(Beginning of Given data)

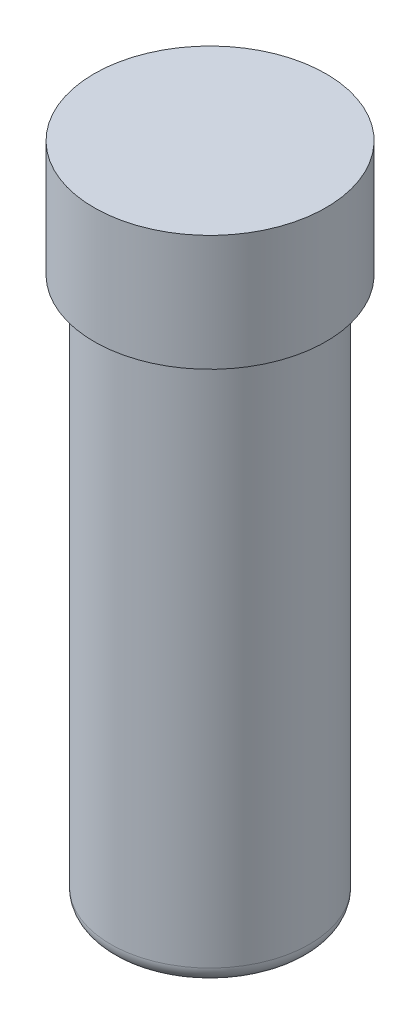
from build123d import *

# Parameters (mm, degrees)
FILLET1_R = 1


with BuildPart() as part:
    # Sketch1 → Revolve1 (revolve)
    with BuildSketch(Plane.XY, mode=Mode.PRIVATE) as revolve1_sk:
        Polygon((0, 0), (6, 0), (6, 33), (7, 33), (7, 40), (0, 40), align=None)
    revolve(revolve1_sk.sketch.rotate(Axis((0, 40, 0), (0, -1, 0)), 180), axis=Axis((0, 40, 0), (0, -1, 0)))

    # Fillet1
    fillet1_edges = [part.edges().sort_by_distance(p)[0] for p in [
        (6, 0, 0),
    ]]
    fillet(fillet1_edges, radius=FILLET1_R)


solid = part.part

(End of Given data)

* [Description of the task] Only the lines from the one containing "# Sketch1 → Revolve1 (revolve)" through the end of the entries above belong in the answer; repeat them exactly.

* [Written response]
    # Sketch1 → Revolve1 (revolve)
    with BuildSketch(Plane.XY, mode=Mode.PRIVATE) as revolve1_sk:
        Polygon((0, 0), (6, 0), (6, 33), (7, 33), (7, 40), (0, 40), align=None)
    revolve(revolve1_sk.sketch.rotate(Axis((0, 40, 0), (0, -1, 0)), 180), axis=Axis((0, 40, 0), (0, -1, 0)))

    # Fillet1
    fillet1_edges = [part.edges().sort_by_distance(p)[0] for p in [
        (6, 0, 0),
    ]]
    fillet(fillet1_edges, radius=FILLET1_R)


solid = part.part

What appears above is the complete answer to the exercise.